The higher the cacao percentage, the higher the price tag. A giant-size 5-oz. Hershey’s bar costs $1.59 – 32 cents an ounce. Hershey’s single-origin bars cost $3.29 for a 3.5-oz bar – 94 cents an ounce. Guittard chocolate costs $1 for a 10-gram bar – $2.86 an ounce.

People want higher-end chocolate with more distinctive flavors, Hernquist says. Baby Boomers are aging, have more disposable income and are looking for quality over quantity, he says.

In pursuit of those high-end consumers, Hershey’s recently purchased three premium chocolate companies, Scharffen Berger Chocolate Maker Inc., Joseph Schmidt Confections Inc. and Dagoba Organic Chocolate.

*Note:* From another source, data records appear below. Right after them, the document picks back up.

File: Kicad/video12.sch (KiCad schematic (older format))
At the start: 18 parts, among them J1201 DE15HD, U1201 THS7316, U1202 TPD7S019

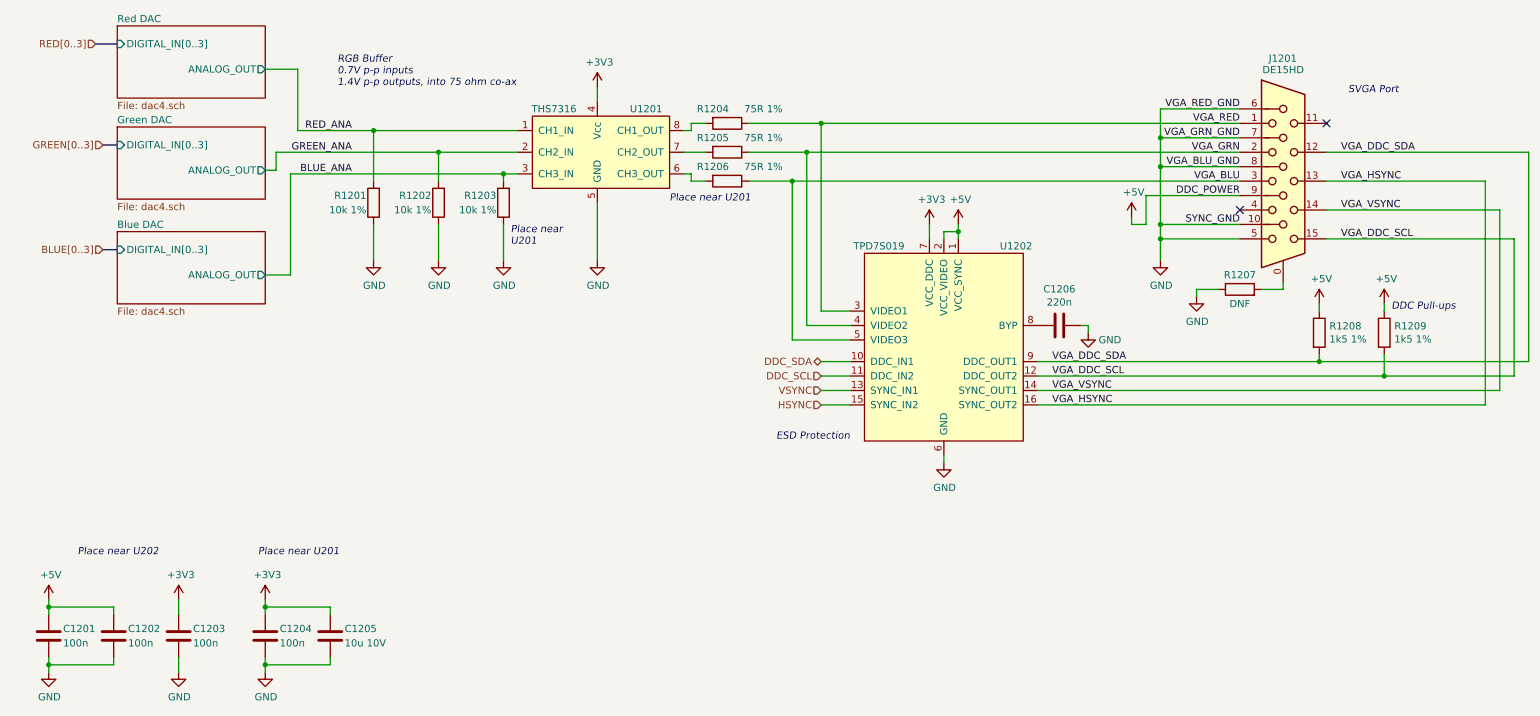
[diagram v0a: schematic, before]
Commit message: Brought in sheets from Neotron Pico.
Also includes DB15HD and PSU 3D models.
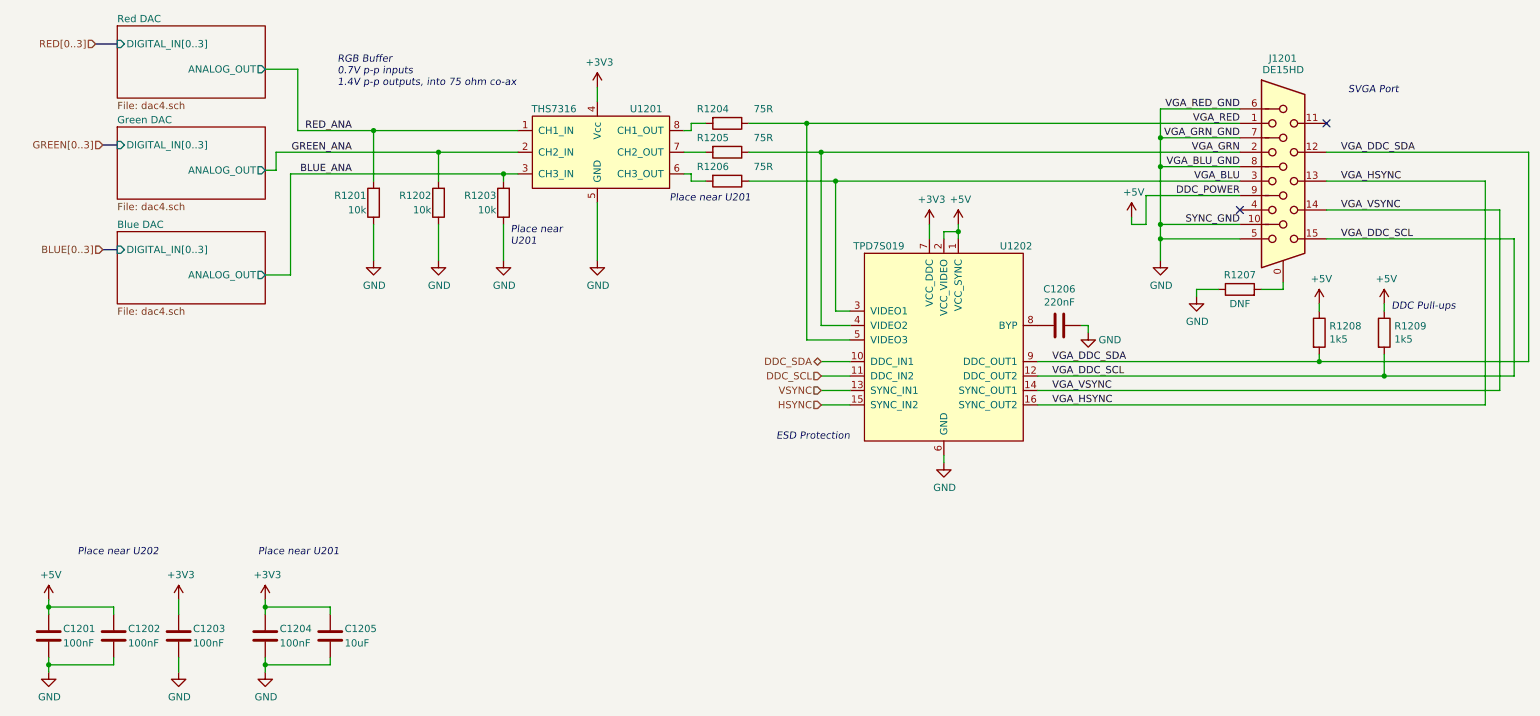
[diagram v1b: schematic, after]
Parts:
- C1201, C1202, C1203, C1204: value 100n -> 100nF; Digikey BC1150CT-ND -> (none); LCSC Part# (none) -> C49678; MPN K104K15X7RF5TL2 -> CPL-CAP-X7R-0805-100NF-50V; Manufacturer Vishay -> CPL; Mouser 594-K104K15X7RF5TL2 -> (none)
- C1205: value 10u 10V -> 10uF; Digikey 1276-6455-1-ND -> (none); LCSC Part# (none) -> C15850; MPN CL21A106KOQNNNG -> CPL-CAP-X5R-0805-10UF-16V; Manufacturer Samsung -> CPL
- C1206: value 220n -> 220nF; LCSC Part# (none) -> C5378
- J1201: footprint Connector_Dsub:DSUB-15-HD_Female_Horizontal_P2.29x1.98mm_EdgePinOffset3.03mm_Housed_MountingHolesOffset4.94mm -> Neotron-Common-Hardware:Amphenol_ICD15S13E4GV00LF
- R1201, R1202, R1203: value 10k 1% -> 10k; Digikey RMCF0805FT10K0-ND -> (none); LCSC Part# (none) -> C17414; MPN RMCF0805FT10K0 -> CPL-RES-0805-10K-0.125W; Manufacturer Stackpole -> CPL
- R1204, R1205, R1206: value 75R 1% -> 75R; LCSC Part# (none) -> C20638
- R1208, R1209: value 1k5 1% -> 1k5; LCSC Part# (none) -> C4310
- U1201: LCSC Part# (none) -> C155446
- U1202: LCSC Part# (none) -> C337499
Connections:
- net VGA_BLU: now also U1202.3 (VIDEO1); no longer U1202.5 (VIDEO3)
- net VGA_RED: now also U1202.5 (VIDEO3); no longer U1202.3 (VIDEO1)

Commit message: Merge in more changes.
Mostly lowering voltage tolerances to minimum required.
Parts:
- C1201, C1202: Tolerance (none) -> X5R; Voltage (none) -> 16V
- C1203, C1204, C1205: Tolerance (none) -> X5R; Voltage (none) -> 10V
- C1206: Tolerance (none) -> X5R; Voltage (none) -> 50V
- J1201: footprint Neotron-Common-Hardware:Amphenol_ICD15S13E4GV00LF -> neotron-pico:Amphenol_ICD15S13E4GV00LF
- R1201, R1202, R1203, R1204, R1205, R1206, R1208, R1209: Tolerance (none) -> 1%
- U1201: MPN THS7316 -> THS7316DR
- U1202: MPN TPD7S019 -> TPD7S019-15DBQR
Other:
- note added: "Place near THS7316"
- note added: "Place near\nTHS7316"
- note added: "TPD7S019"
- note removed: "Place near U201"
- note removed: "Place near U202"
- note removed: "Place near\nU201"
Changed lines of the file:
@@
 $Descr A4 11693 8268
 encoding utf-8
-Sheet 12 18
-Title "Neotron Common Hardware"
-Date "2021-06-18"
+Sheet 4 18
+Title ""
+Date "2021-06-10"
 Rev "[Uncontrolled]"
 Comp "https://neotron-compute.github.io/"
@@
 F 0 "J1201" H 9250 4850 50  0000 L CNN
 F 1 "DE15HD" H 9350 4800 50  0000 C TNN
-F 2 "Neotron-Common-Hardware:Amphenol_ICD15S13E4GV00LF" H 8400 4400 50  0001 C CNN
+F 2 "neotron-pico:Amphenol_ICD15S13E4GV00LF" H 8400 4400 50  0001 C CNN
 F 3 "~" H 8400 4400 50  0001 C CNN
 F 4 "0" H 9350 4000 50  0001 C CNN "DNP"
@@
 F 8 "649-ICD15S13E4GV00LF" H 9350 4000 50  0001 C CNN "Mouser"
 F 9 "~" H 9350 4000 50  0001 C CNN "LCSC Part#"
+F 10 "~" H 9350 4000 50  0001 C CNN "Tolerance"
+F 11 "~" H 9350 4000 50  0001 C CNN "Voltage"
 	1    9350 4000
 	1    0    0    -1
@@
 F 7 "Stackpole" H 5500 3600 50  0001 C CNN "Manufacturer"
 F 8 "C20638" H 5500 3600 50  0001 C CNN "LCSC Part#"
+F 9 "1%" H 5500 3600 50  0001 C CNN "Tolerance"
+F 10 "~" H 5500 3600 50  0001 C CNN "Voltage"
 	1    5500 3600
 	0    1    1    0
@@
 F 7 "Stackpole" H 5500 3800 50  0001 C CNN "Manufacturer"
 F 8 "C20638" H 5500 3800 50  0001 C CNN "LCSC Part#"
+F 9 "1%" H 5500 3800 50  0001 C CNN "Tolerance"
+F 10 "~" H 5500 3800 50  0001 C CNN "Voltage"
 	1    5500 3800
 	0    1    1    0
@@
 F 7 "Stackpole" H 5500 4000 50  0001 C CNN "Manufacturer"
 F 8 "C20638" H 5500 4000 50  0001 C CNN "LCSC Part#"
+F 9 "1%" H 5500 4000 50  0001 C CNN "Tolerance"
+F 10 "~" H 5500 4000 50  0001 C CNN "Voltage"
 	1    5500 4000
 	0    1    1    0
@@
 F 3 "~" H 3050 4150 50  0001 C CNN
 F 4 "0" H 3050 4150 50  0001 C CNN "DNP"
-F 5 "" H 3050 4150 50  0001 C CNN "Digikey"
+F 5 "~" H 3050 4150 50  0001 C CNN "Digikey"
 F 6 "CPL-RES-0805-10K-0.125W" H 3050 4150 50  0001 C CNN "MPN"
 F 7 "CPL" H 3050 4150 50  0001 C CNN "Manufacturer"
 F 8 "C17414" H 3050 4150 50  0001 C CNN "LCSC Part#"
+F 9 "1%" H 3050 4150 50  0001 C CNN "Tolerance"
+F 10 "~" H 3050 4150 50  0001 C CNN "Mouser"
+F 11 "~" H 3050 4150 50  0001 C CNN "Voltage"
 	1    3050 4150
 	-1   0    0    1
@@
 F 3 "~" H 3500 4150 50  0001 C CNN
 F 4 "0" H 3500 4150 50  0001 C CNN "DNP"
-F 5 "" H 3500 4150 50  0001 C CNN "Digikey"
+F 5 "~" H 3500 4150 50  0001 C CNN "Digikey"
 F 6 "CPL-RES-0805-10K-0.125W" H 3500 4150 50  0001 C CNN "MPN"
 F 7 "CPL" H 3500 4150 50  0001 C CNN "Manufacturer"
 F 8 "C17414" H 3500 4150 50  0001 C CNN "LCSC Part#"
+F 9 "1%" H 3500 4150 50  0001 C CNN "Tolerance"
+F 10 "~" H 3500 4150 50  0001 C CNN "Mouser"
+F 11 "~" H 3500 4150 50  0001 C CNN "Voltage"
 	1    3500 4150
 	-1   0    0    1
@@
 F 3 "~" H 3950 4150 50  0001 C CNN
 F 4 "0" H 3950 4150 50  0001 C CNN "DNP"
-F 5 "" H 3950 4150 50  0001 C CNN "Digikey"
+F 5 "~" H 3950 4150 50  0001 C CNN "Digikey"
 F 6 "CPL-RES-0805-10K-0.125W" H 3950 4150 50  0001 C CNN "MPN"
 F 7 "CPL" H 3950 4150 50  0001 C CNN "Manufacturer"
 F 8 "C17414" H 3950 4150 50  0001 C CNN "LCSC Part#"
+F 9 "1%" H 3950 4150 50  0001 C CNN "Tolerance"
+F 10 "~" H 3950 4150 50  0001 C CNN "Mouser"
+F 11 "~" H 3950 4150 50  0001 C CNN "Voltage"
 	1    3950 4150
 	-1   0    0    1
@@
 F 3 "https://www.ti.com/lit/ds/symlink/tpd7s019.pdf" H 7550 5200 50  0001 C CNN
 F 4 "Texas Instruments" H 7000 3750 50  0001 C CNN "Manufacturer"
-F 5 "TPD7S019" H 7000 3650 50  0001 C CNN "MPN"
+F 5 "TPD7S019-15DBQR" H 7000 3650 50  0001 C CNN "MPN"
 F 6 "0" H 7000 5100 50  0001 C CNN "DNP"
 F 7 "296-27595-1-ND" H 7000 5100 50  0001 C CNN "Digikey"
 F 8 "595-TPD7S019-15DBQR" H 7000 5100 50  0001 C CNN "Mouser"
 F 9 "C337499" H 7000 5100 50  0001 C CNN "LCSC Part#"
+F 10 "~" H 7000 5100 50  0001 C CNN "Tolerance"
+F 11 "~" H 7000 5100 50  0001 C CNN "Voltage"
 	1    7000 5100
 	1    0    0    -1
@@
 F 5 "0" H 4750 3800 50  0001 C CNN "DNP"
 F 6 "296-26684-1-ND" H 4750 3800 50  0001 C CNN "Digikey"
-F 7 "THS7316" H 4750 3800 50  0001 C CNN "MPN"
+F 7 "THS7316DR" H 4750 3800 50  0001 C CNN "MPN"
 F 8 "595-THS7316DR" H 4750 3800 50  0001 C CNN "Mouser"
 F 9 "C155446" H 4750 3800 50  0001 C CNN "LCSC Part#"
+F 10 "~" H 4750 3800 50  0001 C CNN "Tolerance"
+F 11 "~" H 4750 3800 50  0001 C CNN "Voltage"
 	1    4750 3800
 	1    0    0    -1
@@
 F 7 "Stackpole" H 9600 5050 50  0001 C CNN "Manufacturer"
 F 8 "C4310" H 9600 5050 50  0001 C CNN "LCSC Part#"
+F 9 "1%" H 9600 5050 50  0001 C CNN "Tolerance"
+F 10 "~" H 9600 5050 50  0001 C CNN "Voltage"
 	1    9600 5050
 	1    0    0    -1
@@
 F 7 "Stackpole" H 10050 5050 50  0001 C CNN "Manufacturer"
 F 8 "C4310" H 10050 5050 50  0001 C CNN "LCSC Part#"
+F 9 "1%" H 10050 5050 50  0001 C CNN "Tolerance"
+F 10 "~" H 10050 5050 50  0001 C CNN "Voltage"
 	1    10050 5050
 	1    0    0    -1
@@
 F 7 "Samsung" H 7800 5000 50  0001 C CNN "Manufacturer"
 F 8 "C5378" H 7800 5000 50  0001 C CNN "LCSC Part#"
+F 9 "X5R" H 7800 5000 50  0001 C CNN "Tolerance"
+F 10 "50V" H 7800 5000 50  0001 C CNN "Voltage"
+F 11 "~" H 7800 5000 50  0001 C CNN "Mouser"
 	1    7800 5000
 	0    1    1    0
@@
 F 3 "~" H 800 7150 50  0001 C CNN
 F 4 "0" H 800 7150 50  0001 C CNN "DNP"
-F 5 "" H 800 7150 50  0001 C CNN "Digikey"
+F 5 "~" H 800 7150 50  0001 C CNN "Digikey"
 F 6 "CPL-CAP-X7R-0805-100NF-50V" H 800 7150 50  0001 C CNN "MPN"
 F 7 "CPL" H 800 7150 50  0001 C CNN "Manufacturer"
-F 8 "" H 800 7150 50  0001 C CNN "Mouser"
+F 8 "~" H 800 7150 50  0001 C CNN "Mouser"
 F 9 "C49678" H 800 7150 50  0001 C CNN "LCSC Part#"
+F 10 "X5R" H 800 7150 50  0001 C CNN "Tolerance"
+F 11 "16V" H 800 7150 50  0001 C CNN "Voltage"
 	1    800  7150
 	-1   0    0    1
@@
 F 3 "~" H 1250 7150 50  0001 C CNN
 F 4 "0" H 1250 7150 50  0001 C CNN "DNP"
-F 5 "" H 1250 7150 50  0001 C CNN "Digikey"
+F 5 "~" H 1250 7150 50  0001 C CNN "Digikey"
 F 6 "CPL-CAP-X7R-0805-100NF-50V" H 1250 7150 50  0001 C CNN "MPN"
 F 7 "CPL" H 1250 7150 50  0001 C CNN "Manufacturer"
-F 8 "" H 1250 7150 50  0001 C CNN "Mouser"
+F 8 "~" H 1250 7150 50  0001 C CNN "Mouser"
 F 9 "C49678" H 1250 7150 50  0001 C CNN "LCSC Part#"
+F 10 "X5R" H 1250 7150 50  0001 C CNN "Tolerance"
+F 11 "16V" H 1250 7150 50  0001 C CNN "Voltage"
 	1    1250 7150
 	-1   0    0    1
@@
 $EndComp
 Text Notes 1000 6600 0    50   Italic 0
-Place near U202
+TPD7S019
 Text Notes 2250 6600 0    50   Italic 0
-Place near U201
+Place near THS7316
 $Comp
 L power:+3V3 #PWR01205
@@
 F 3 "~" H 2300 7150 50  0001 C CNN
 F 4 "0" H 2300 7150 50  0001 C CNN "DNP"
-F 5 "" H 2300 7150 50  0001 C CNN "Digikey"
+F 5 "~" H 2300 7150 50  0001 C CNN "Digikey"
 F 6 "CPL-CAP-X7R-0805-100NF-50V" H 2300 7150 50  0001 C CNN "MPN"
 F 7 "CPL" H 2300 7150 50  0001 C CNN "Manufacturer"
-F 8 "" H 2300 7150 50  0001 C CNN "Mouser"
+F 8 "~" H 2300 7150 50  0001 C CNN "Mouser"
 F 9 "C49678" H 2300 7150 50  0001 C CNN "LCSC Part#"
+F 10 "X5R" H 2300 7150 50  0001 C CNN "Tolerance"
+F 11 "10V" H 2300 7150 50  0001 C CNN "Voltage"
 	1    2300 7150
 	-1   0    0    1
@@
 F 3 "~" H 2750 7150 50  0001 C CNN
 F 4 "0" H 2750 7150 50  0001 C CNN "DNP"
-F 5 "" H 2750 7150 50  0001 C CNN "Digikey"
+F 5 "~" H 2750 7150 50  0001 C CNN "Digikey"
 F 6 "CPL-CAP-X5R-0805-10UF-16V" H 2750 7150 50  0001 C CNN "MPN"
 F 7 "CPL" H 2750 7150 50  0001 C CNN "Manufacturer"
 F 8 "C15850" H 2750 7150 50  0001 C CNN "LCSC Part#"
+F 9 "X5R" H 2750 7150 50  0001 C CNN "Tolerance"
+F 10 "10V" H 2750 7150 50  0001 C CNN "Voltage"
+F 11 "~" H 2750 7150 50  0001 C CNN "Mouser"
 	1    2750 7150
 	-1   0    0    -1
@@
 F 6 "~" H 9050 4750 50  0001 C CNN "MPN"
 F 7 "~" H 9050 4750 50  0001 C CNN "Manufacturer"
-F 8 "" H 9050 4750 50  0001 C CNN "Mouser"
+F 8 "~" H 9050 4750 50  0001 C CNN "Mouser"
 F 9 "~" H 9050 4750 50  0001 C CNN "LCSC Part#"
+F 10 "~" H 9050 4750 50  0001 C CNN "Tolerance"
+F 11 "~" H 9050 4750 50  0001 C CNN "Voltage"
 	1    9050 4750
 	0    -1   -1   0
@@
 Wire Wire Line
 	8000 5000 8000 5050
-Text Notes 5100 4150 0    50   Italic 0
-Place near U201
+Text Notes 5325 4250 0    50   Italic 0
+Place near\nTHS7316
 Text Notes 4000 4450 0    50   Italic 0
-Place near\nU201
+Place near\nTHS7316
 Text Label 2900 3650 2    50   ~ 0
 RED_ANA
@@
 F 3 "~" H 1700 7150 50  0001 C CNN
 F 4 "0" H 1700 7150 50  0001 C CNN "DNP"
-F 5 "" H 1700 7150 50  0001 C CNN "Digikey"
+F 5 "~" H 1700 7150 50  0001 C CNN "Digikey"
 F 6 "CPL-CAP-X7R-0805-100NF-50V" H 1700 7150 50  0001 C CNN "MPN"
 F 7 "CPL" H 1700 7150 50  0001 C CNN "Manufacturer"
-F 8 "" H 1700 7150 50  0001 C CNN "Mouser"
+F 8 "~" H 1700 7150 50  0001 C CNN "Mouser"
 F 9 "C49678" H 1700 7150 50  0001 C CNN "LCSC Part#"
+F 10 "X5R" H 1700 7150 50  0001 C CNN "Tolerance"
+F 11 "10V" H 1700 7150 50  0001 C CNN "Voltage"
 	1    1700 7150
 	-1   0    0    1

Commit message: Fixups after last copy-over.
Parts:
- J1201: footprint neotron-pico:Amphenol_ICD15S13E4GV00LF -> Neotron-Common-Hardware:Amphenol_ICD15S13E4GV00LF
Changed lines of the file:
@@
 F 0 "J1201" H 9250 4850 50  0000 L CNN
 F 1 "DE15HD" H 9350 4800 50  0000 C TNN
-F 2 "neotron-pico:Amphenol_ICD15S13E4GV00LF" H 8400 4400 50  0001 C CNN
+F 2 "Neotron-Common-Hardware:Amphenol_ICD15S13E4GV00LF" H 8400 4400 50  0001 C CNN
 F 3 "~" H 8400 4400 50  0001 C CNN
 F 4 "0" H 9350 4000 50  0001 C CNN "DNP"

Wine drinkers are also trading up. The strongest sales growth over the past year has been in wines priced $12 to $15, according to the marketing information company ACNielsen.

Part of the fun of eating single-origin chocolate is comparing chocolate from different places.

The various flavor notes can be subtle and harder to detect than in wine, so companies are providing guidance.

Hershey’s bar made of beans from the African island of Sao Tome has “hints of aromatic coffee,” according to its package. Guittard provides a pocket guide with its tasting kit of bars from Venezuela, Madagascar, Ecuador and Colombia.

Industry consultant Joan Steuer describes how to do the chocolate version of a wine tasting:

¢ First, notice whether the chocolate has a high gloss or sheen, an indication of quality. Listen as you break it to hear the snap, then smell the chocolate to see if you can detect specific aromas.

¢ Then put the chocolate in your mouth and hold it against the roof of your mouth. Is it creamy? Smooth? Chalky? Move it from side to side as different notes – perhaps fruity, toasty or tart – come through.

¢ Unlike wine tasting, do not spit out the chocolate, Steuer says with a laugh. But do not bite it. “These are bars you really should let melt in your mouth and not bite,” she says. “We’re tasting, not just eating.

“This is not chocolate to be gobbled,” she says. “This is chocolate to be savored.”